Question: The velocity associated with a proton moving in a potential difference of 1000 V is \(4.37\times {{1...

Question

The velocity associated with a proton moving in a potential difference of 1000 V is $4.37\times {{10}^{5}}m{{s}^{-1}}$ . If the hockey ball of mass of 0.1 kg is moving with this velocity, calculate the wavelength associated with this velocity.

Answer 1

Solution

As we know, the de Broglie wavelength is an important concept while learning quantum mechanics. The wavelength which is associated with an entity in relation to its mass and momentum is known as the de Broglie wavelength. We could find the wavelength by dividing the Planck's constant by the product of mass and velocity of the particle.

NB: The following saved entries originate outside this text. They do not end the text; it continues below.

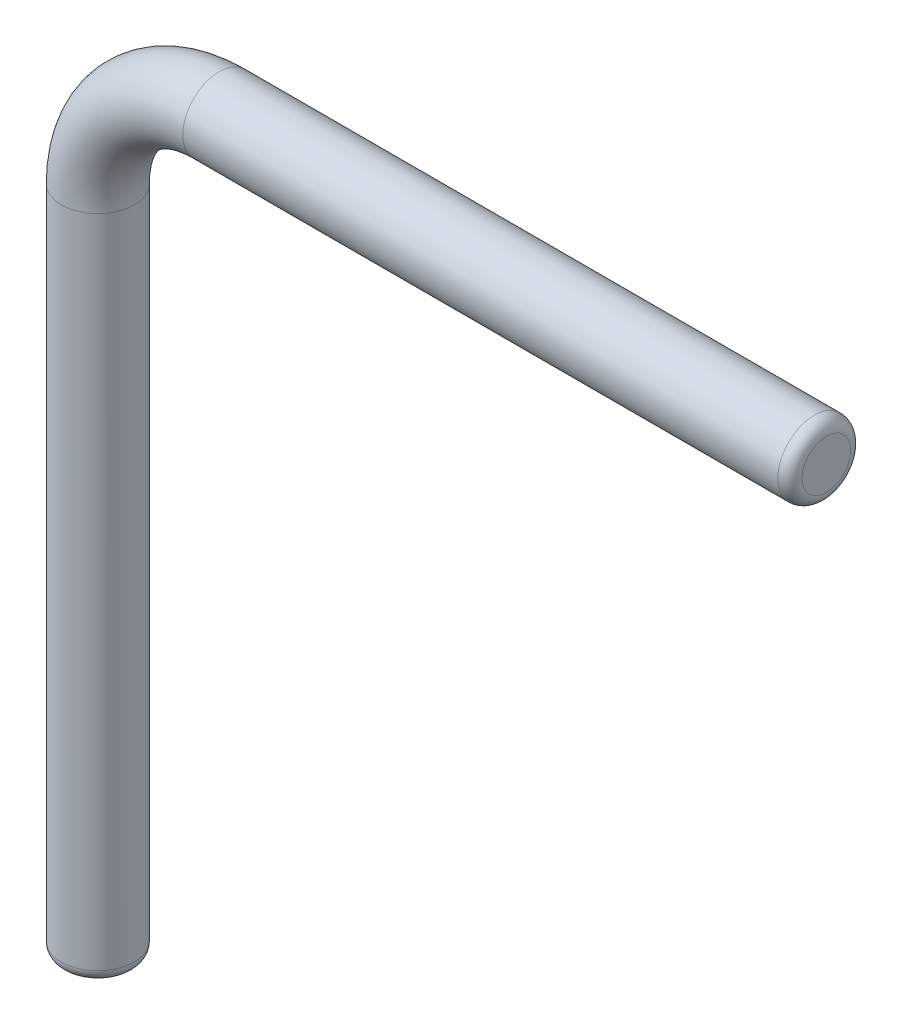
SolidWorks part; units mm, degrees
ref_plane "Ön Düzlem" through (0, 0, 0) normal (0, 0, 1) x (1, 0, 0)
ref_plane "Üst Düzlem" through (0, 0, 0) normal (0, 1, 0) x (1, 0, 0)
ref_plane "Sağ Düzlem" through (0, 0, 0) normal (1, 0, 0) x (0, 0, -1)
sketch "Sketch3" plane through (0, 0, 0) normal (0, 0, 1) x (1, 0, 0)
  line L0 (0, 0) -> (0, 5.5)
  line L1 (1, 6.5) -> (6, 6.5)
  arc A0 (0, 5.5) -> (1, 6.5) centre (1, 5.5) cw
  point P6 (0, 6.5)
  dimension "D3" = 1
  dimension "D1" = 6.5
  dimension "D2" = 6
sketch "Sketch4" plane through (0, 0, 0) normal (0, 1, 0) x (1, 0, 0)
  circle A0 centre (0, 0) radius 0.3
  dimension "D1" = 0.6
sweep "Sweep1" add profiles "Sketch4" path "Sketch3"
fillet "Fillet1" radius 0.1 2 edges at (6, 6.5, 0.3) (0, 0, 0.3)

Complete step by step answer:
- As we know, matter has a dual nature of wave-particles. The de Broglie waves was named after Louis de Broglie .It is the property of an object that varies in space or time while behaving similar to waves and it’s also called matter-waves.
- In the question we are asked to find the wavelength of a hockey ball of mass of 0.1 kg which is moving with the velocity $4.37\times {{10}^{5}}m{{s}^{-1}}$ . The wavelength can be found by using De-Broglie wavelength.

- The De-Broglie wavelength can be calculated by using the following formula:
$\lambda =\dfrac{h}{mv}$
Where $\lambda$ is the wavelength of object
h is the Planck’s constant ( $6.626\times {{10}^{-34}}Js$ )
m is the mass ( 0.1 kg)
$v$ is the velocity (given as $4.37\times {{10}^{5}}m{{s}^{-1}}$ )

Substitute this values in the above equation, we get
$\lambda =\dfrac{6.626\times {{10}^{-34}}Js}{0.1Kg\times 4.37\times {{10}^{5}}m{{s}^{-1}}}=1.516\times {{10}^{-28}}m$

Therefore the wavelength of a hockey ball of mass of 0.1 kg which is moving with the velocity $4.37\times {{10}^{5}}m{{s}^{-1}}$ is $1.516\times {{10}^{-28}}m$ .

Note: Since momentum is obtained by multiplying mass by velocity, the de Broglie wavelength is inversely proportional to momentum. In order to find the de Broglie wavelength in terms of kinetic energy we could use the equation $\lambda =\dfrac{h}{\sqrt{2m{{E}_{k}}}}$ where ${{E}_{k}}$ is the kinetic energy of particle which we need to find the wavelength.